- Directed by: Steno
- Screenplay by: Leo Benvenuti; Piero De Bernardi; Steno;
- Story by: Castellano & Pipolo
- Starring: Paolo Villaggio; Edwige Fenech; Gianrico Tedeschi; Gordon Mitchell;
- Cinematography: Ennio Guarnieri; Sergio Salvati;
- Edited by: Raimondo Crociani
- Music by: Armando Trovajoli
- Production company: Medusa Distribuzione
- Distributed by: Medusa
- Release date: 31 August 1979 (Italy);
- Running time: 107 minutes
- Country: Italy

= Dr. Jekyll Likes Them Hot =

Dr. Jekyll Likes Them Hot (Dottor Jekyll e gentile signora) is a 1979 Italian film directed by Steno based in part on Robert Louis Stevenson's 1886 novella Strange Case of Dr.

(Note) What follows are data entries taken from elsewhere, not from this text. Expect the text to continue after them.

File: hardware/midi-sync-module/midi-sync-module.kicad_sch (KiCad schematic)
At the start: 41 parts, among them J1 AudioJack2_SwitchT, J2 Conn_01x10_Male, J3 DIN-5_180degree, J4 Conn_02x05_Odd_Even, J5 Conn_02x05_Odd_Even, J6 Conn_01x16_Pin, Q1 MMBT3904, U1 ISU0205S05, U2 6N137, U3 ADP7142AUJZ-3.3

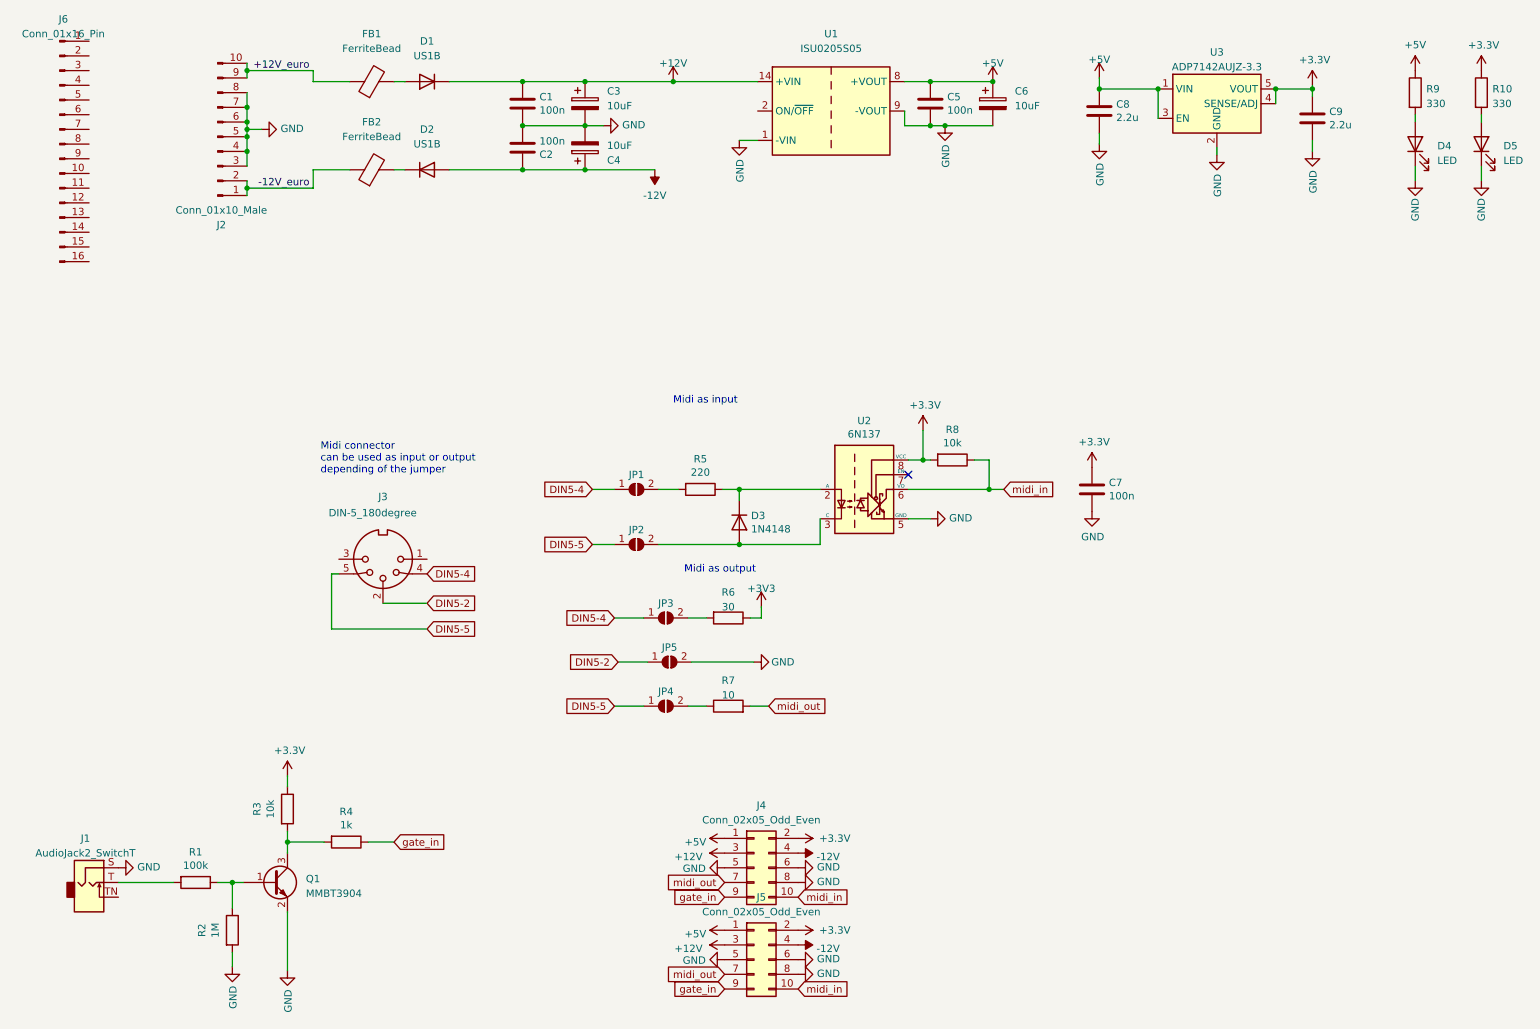
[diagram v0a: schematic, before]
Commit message: update pbc to v0.0.2 (fix polarized cap C3 and some texts) and panel c
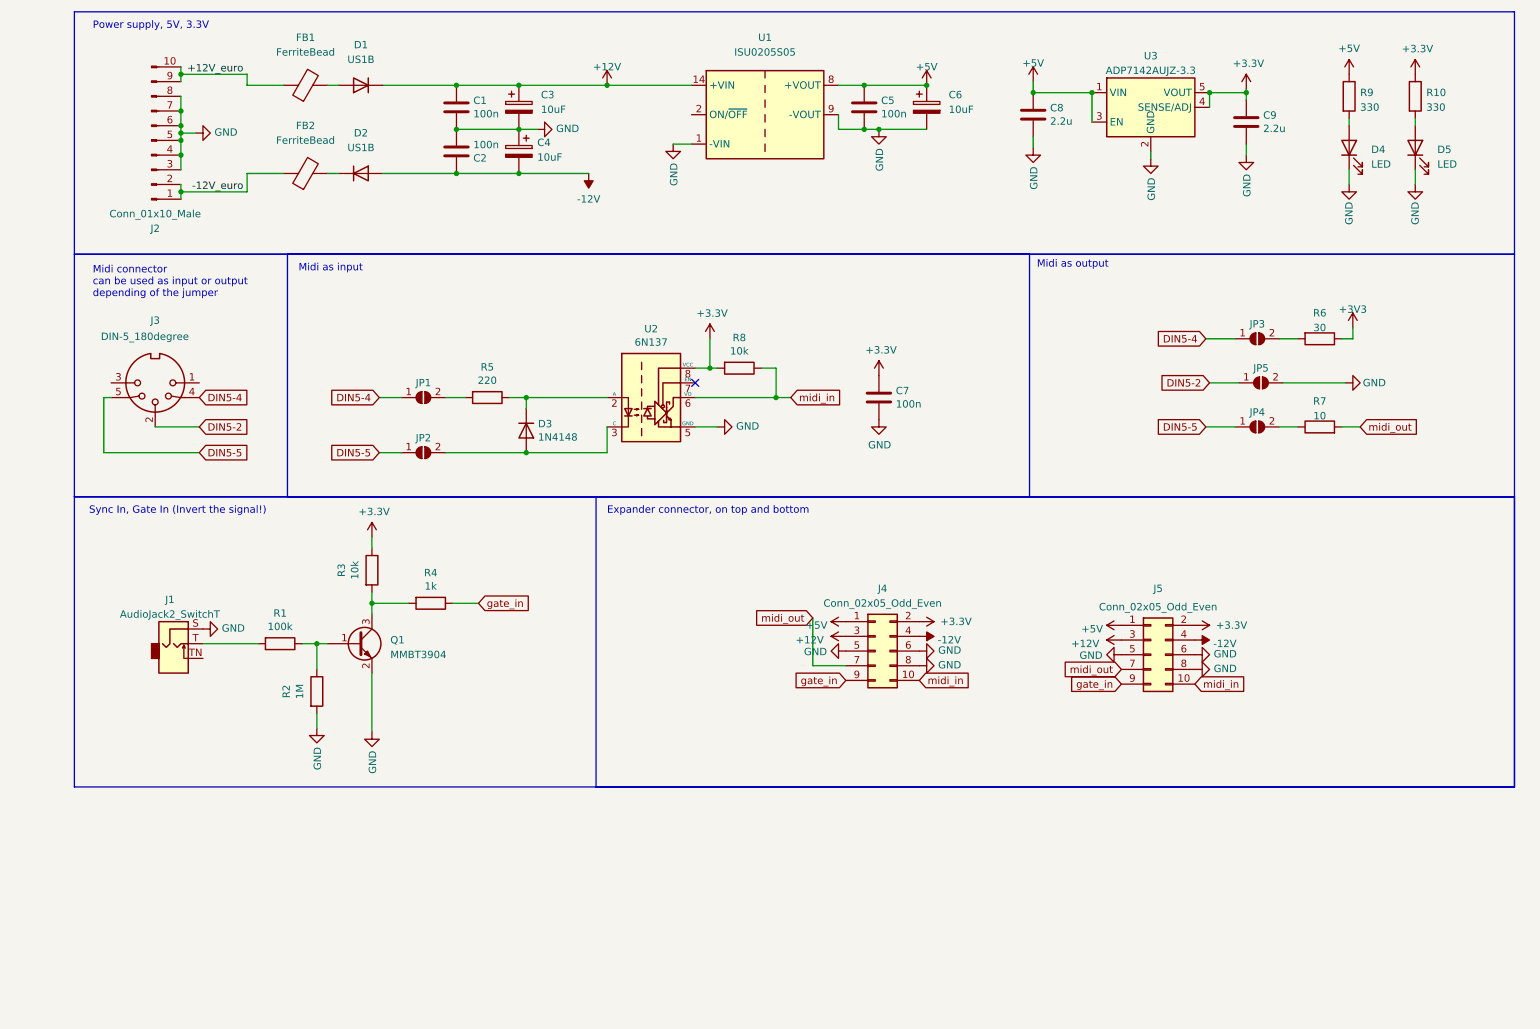
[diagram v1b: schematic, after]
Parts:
- removed J6: Conn_01x16_Pin, Connector_PinHeader_2.54mm:PinHeader_2x08_P2.54mm_Vertical, symbol Connector:Conn_01x16_Pin
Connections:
- net -12V: now also C4.2; no longer C4.1
- net GND: now also C4.1; no longer C4.2
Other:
- note added: "Expander connector, on top and bottom"
- note added: "Power supply, 5V, 3.3V"
- note added: "Sync In, Gate In (Invert the signal!)"
- company: (none) -> Lucas Bonvin
- title: (none) -> MIDI-sync-power-dev-board
- moved on the sheet: C1, C2, C3, C5, C6, C7, C8, C9, D1, D2, D3, D4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
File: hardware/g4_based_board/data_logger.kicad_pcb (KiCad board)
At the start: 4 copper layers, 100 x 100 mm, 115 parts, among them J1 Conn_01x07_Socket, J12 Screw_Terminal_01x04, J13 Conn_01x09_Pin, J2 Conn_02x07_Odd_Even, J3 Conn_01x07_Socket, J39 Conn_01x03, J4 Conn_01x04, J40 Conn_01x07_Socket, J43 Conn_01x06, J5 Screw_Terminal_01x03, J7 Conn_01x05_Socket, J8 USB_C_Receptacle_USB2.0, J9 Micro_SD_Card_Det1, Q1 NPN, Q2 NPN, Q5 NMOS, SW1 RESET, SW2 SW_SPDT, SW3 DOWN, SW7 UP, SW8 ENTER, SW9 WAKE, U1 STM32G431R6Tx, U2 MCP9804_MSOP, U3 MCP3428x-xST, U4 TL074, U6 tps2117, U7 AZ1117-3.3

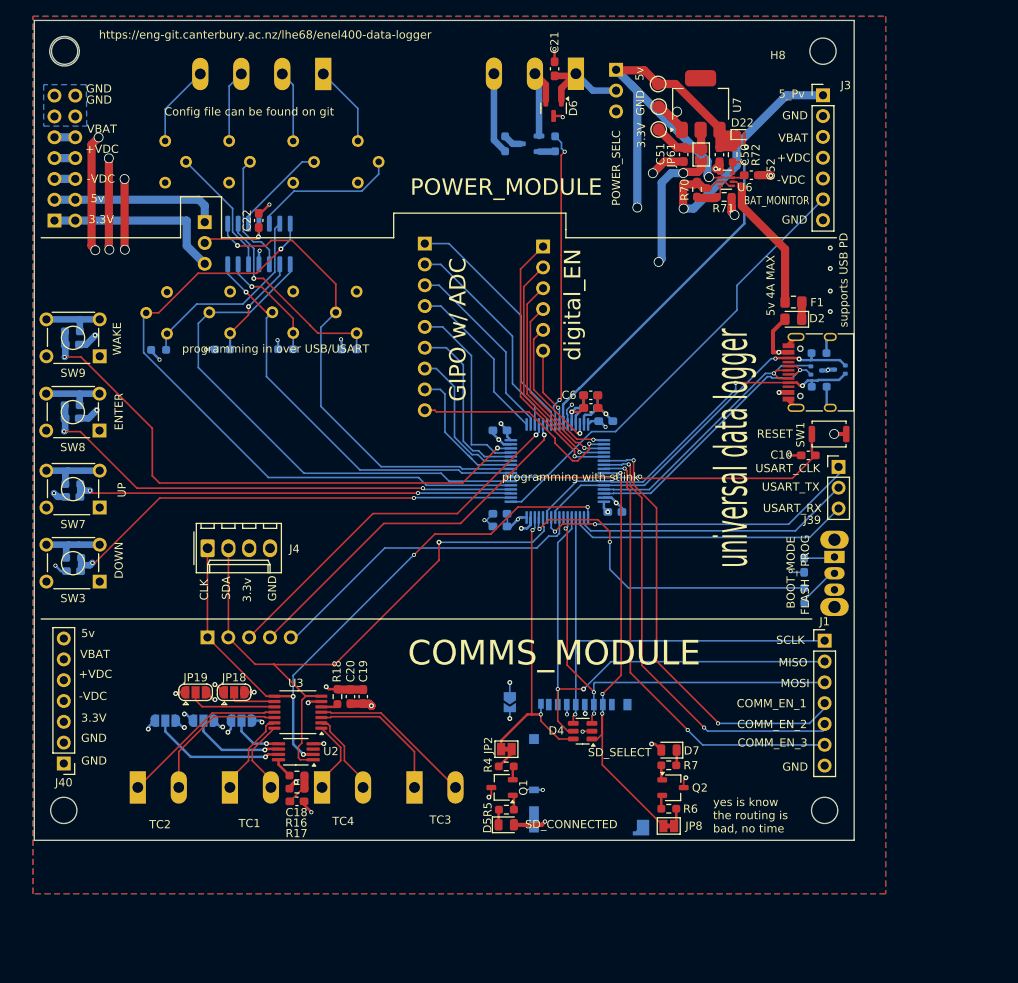
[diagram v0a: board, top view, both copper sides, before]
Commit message: minor addtion and swd header added and usart removed
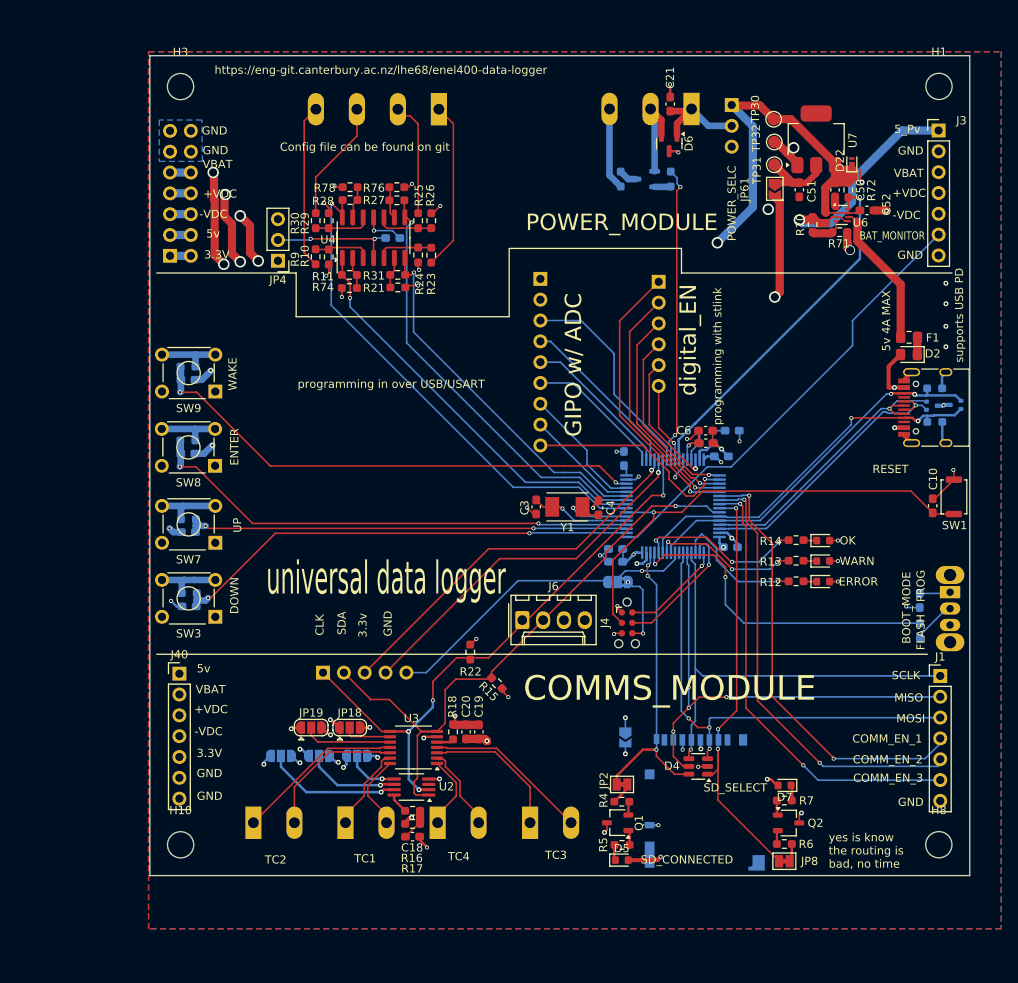
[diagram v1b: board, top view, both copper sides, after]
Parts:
- removed J39: Conn_01x03, Connector_PinHeader_2.54mm:PinHeader_1x03_P2.54mm_Vertical
- removed RV1, RV2, RV3, RV4, RV5, RV6, RV7, RV8: 10k, Potentiometer_THT:Potentiometer_Vishay_T73YP_Vertical
- added C3: 26p, Capacitor_SMD:C_0603_1608Metric_Pad1.08x0.95mm_HandSolder, F.Cu at (153.2, 103.0)
- added C4: 26p, Capacitor_SMD:C_0603_1608Metric_Pad1.08x0.95mm_HandSolder, F.Cu at (160.8, 103.1)
- added D10: LED, LED_SMD:LED_0603_1608Metric, F.Cu at (188.2, 112.1)
- added D8: LED, LED_SMD:LED_0603_1608Metric, F.Cu at (188.2, 107.1)
- added D9: LED, LED_SMD:LED_0603_1608Metric, F.Cu at (188.2, 109.6)
- added J6: Conn_01x04, Connector_Molex:Molex_KK-254_AE-6410-04A_1x04_P2.54mm_Vertical, F.Cu at (151.5, 116.8)
- added JP5: SWD_SPI, Jumper:SolderJumper-3_P1.3mm_Bridged2Bar12_RoundedPad1.0x1.5mm, B.Cu at (163.2, 112.2)
- added R10: 1k, Resistor_SMD:R_0603_1608Metric_Pad0.98x0.95mm_HandSolder, F.Cu at (127.9, 72.5)
- added R11: 1k, Resistor_SMD:R_0603_1608Metric_Pad0.98x0.95mm_HandSolder, F.Cu at (130.4, 74.7)
- added R12: R, Resistor_SMD:R_0603_1608Metric_Pad0.98x0.95mm_HandSolder, F.Cu at (184.9, 112.1)
- added R13: R, Resistor_SMD:R_0603_1608Metric_Pad0.98x0.95mm_HandSolder, F.Cu at (184.9, 109.6)
- added R14: R, Resistor_SMD:R_0603_1608Metric_Pad0.98x0.95mm_HandSolder, F.Cu at (184.9, 107.0)
- added R15: 4.7k, Resistor_SMD:R_0603_1608Metric_Pad0.98x0.95mm_HandSolder, F.Cu at (148.4, 124.5)
- added R22: 4.7k, Resistor_SMD:R_0603_1608Metric_Pad0.98x0.95mm_HandSolder, F.Cu at (145.2, 120.7)
- added R23: 1k, Resistor_SMD:R_0603_1608Metric_Pad0.98x0.95mm_HandSolder, F.Cu at (140.4, 72.3)
- added R24: 1k, Resistor_SMD:R_0603_1608Metric_Pad0.98x0.95mm_HandSolder, F.Cu at (138.8, 72.3)
- added R25: 1k, Resistor_SMD:R_0603_1608Metric_Pad0.98x0.95mm_HandSolder, F.Cu at (138.8, 68.1)
- added R26: 1k, Resistor_SMD:R_0603_1608Metric_Pad0.98x0.95mm_HandSolder, F.Cu at (140.4, 68.1)
- added R27: 1k, Resistor_SMD:R_0603_1608Metric_Pad0.98x0.95mm_HandSolder, F.Cu at (136.2, 65.6)
- added R28: 1k, Resistor_SMD:R_0603_1608Metric_Pad0.98x0.95mm_HandSolder, F.Cu at (130.5, 65.6)
- added R29: 1k, Resistor_SMD:R_0603_1608Metric_Pad0.98x0.95mm_HandSolder, F.Cu at (126.3, 68.1)
- added R30: 1k, Resistor_SMD:R_0603_1608Metric_Pad0.98x0.95mm_HandSolder, F.Cu at (127.9, 68.1)
- added R31: 1k, Resistor_SMD:R_0603_1608Metric_Pad0.98x0.95mm_HandSolder, F.Cu at (136.3, 74.7)
- added R8: 0, Resistor_SMD:R_0603_1608Metric, B.Cu at (173.9, 93.7)
- added R9: 1k, Resistor_SMD:R_0603_1608Metric_Pad0.98x0.95mm_HandSolder, F.Cu at (126.3, 72.5)
- added Y1: 8MHZ, 18PF, Crystal:Crystal_SMD_TXC_7A-2Pin_5x3.2mm, F.Cu at (157.0, 103.0)
- C22: moved to B.Cu
- D5, D7: footprint LED_SMD:LED_0805_2012Metric -> LED_SMD:LED_0603_1608Metric
- J4: value Conn_01x04 -> Conn_ARM_SWD_TagConnect_TC2030-NL; footprint Connector_Molex:Molex_KK-254_AE-6410-04A_1x04_P2.54mm_Vertical -> Connector:Tag-Connect_TC2030-IDC-NL_2x03_P1.27mm_Vertical
- JP4, R21, R74, R76, R78, U4: moved to F.Cu
- R19, R20: value R -> 1k
- moved H1 138.5 mm to (202.3, 51.7)
- moved H8 97.8 mm to (202.3, 144.2)
- moved H10 78.7 mm to (109.8, 144.2)
- moved J4 52.0 mm to (164.3, 117.1), turned to -90 degrees
- moved R21 30.2 mm to (136.3, 76.2), turned to 180 degrees
- moved R76 29.1 mm to (136.2, 64.0), turned to 180 degrees
- moved R78 21.3 mm to (130.5, 64.0)
- moved J40 17.9 mm to (109.7, 123.3), turned to 0 degrees
- moved C12 17.8 mm to (177.1, 93.7)
- moved SW1 17.0 mm to (204.2, 101.8), turned to -90 degrees
- moved C22 16.5 mm to (135.7, 70.2), turned to 0 degrees
- moved C10 16.4 mm to (201.6, 102.9), turned to -90 degrees
- moved C5 15.5 mm to (163.9, 97.1), turned to 90 degrees
- moved H3 14.8 mm to (109.8, 51.7)
- moved JP1 14.7 mm to (164.1, 131.1)
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- renumbered 5v to TP30, 3.3V to TP31, GND to TP32
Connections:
- C11 pad 1: +3.3V -> Net-(U1-VDDA)
- J12 pad 2: /analog_in/SIG_IN_2 -> /analog_in/SIG_IN_3
- J12 pad 3: /analog_in/SIG_IN_3 -> /analog_in/SIG_IN_4
- J12 pad 4: /analog_in/SIG_IN_4 -> /analog_in/SIG_IN_2
- J13 pad 1: /mcu/ADC-GPIO-PWM-12 -> GND
- J13 pad 2: /mcu/DAC2_OUT-ADC-GPIO-PWM -> +3.3V
- J13 pad 3: /mcu/DAC1_OUT-ADC-GPIO-PWM -> /mcu/ADC-GPIO-PWM-12
- J13 pad 4: /mcu/ADC-GPIO-PWM-4 -> /mcu/DAC2_OUT-ADC-GPIO-PWM
- J13 pad 5: /mcu/ADC-GPIO-PWM-2-DIFF1-2 -> /mcu/DAC1_OUT-ADC-GPIO-PWM
- J13 pad 6: /mcu/ADC-GPIO-PWM-1-DIFF1-1 -> /mcu/ADC-GPIO-PWM-4
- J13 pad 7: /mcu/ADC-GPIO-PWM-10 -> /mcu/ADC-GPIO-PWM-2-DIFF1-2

Jekyll & Mr. Hyde.

== Plot ==
The evil genius Dr. Jekyll, director of the powerful multinational food company PANTAC which has flooded the world with a large number of pollutants and harmful products, accidentally drinks the "serum of good", turning into a good-natured and placid Mr. Hyde...

== Cast ==
- Paolo Villaggio as Dr. Jekyll / Mr. Hyde
- Edwige Fenech as Barbara Wimply
- Gianrico Tedeschi as Jeeves
- Gordon Mitchell as Pretorius
- Paolo Paoloni as Director

==Production==
Dr. Jekyll Likes Them Hot was originally titled as Il dottor Jekill Junior. According to the public register, filming began on July 31, 1978. The film was shot on location in London.

==Release==
Dr. Jekyll Likes Them Hot was distributed theatrically in Italy by Medusa on 31 August 1979. The film grossed 427,000,000 Italian lire domestically.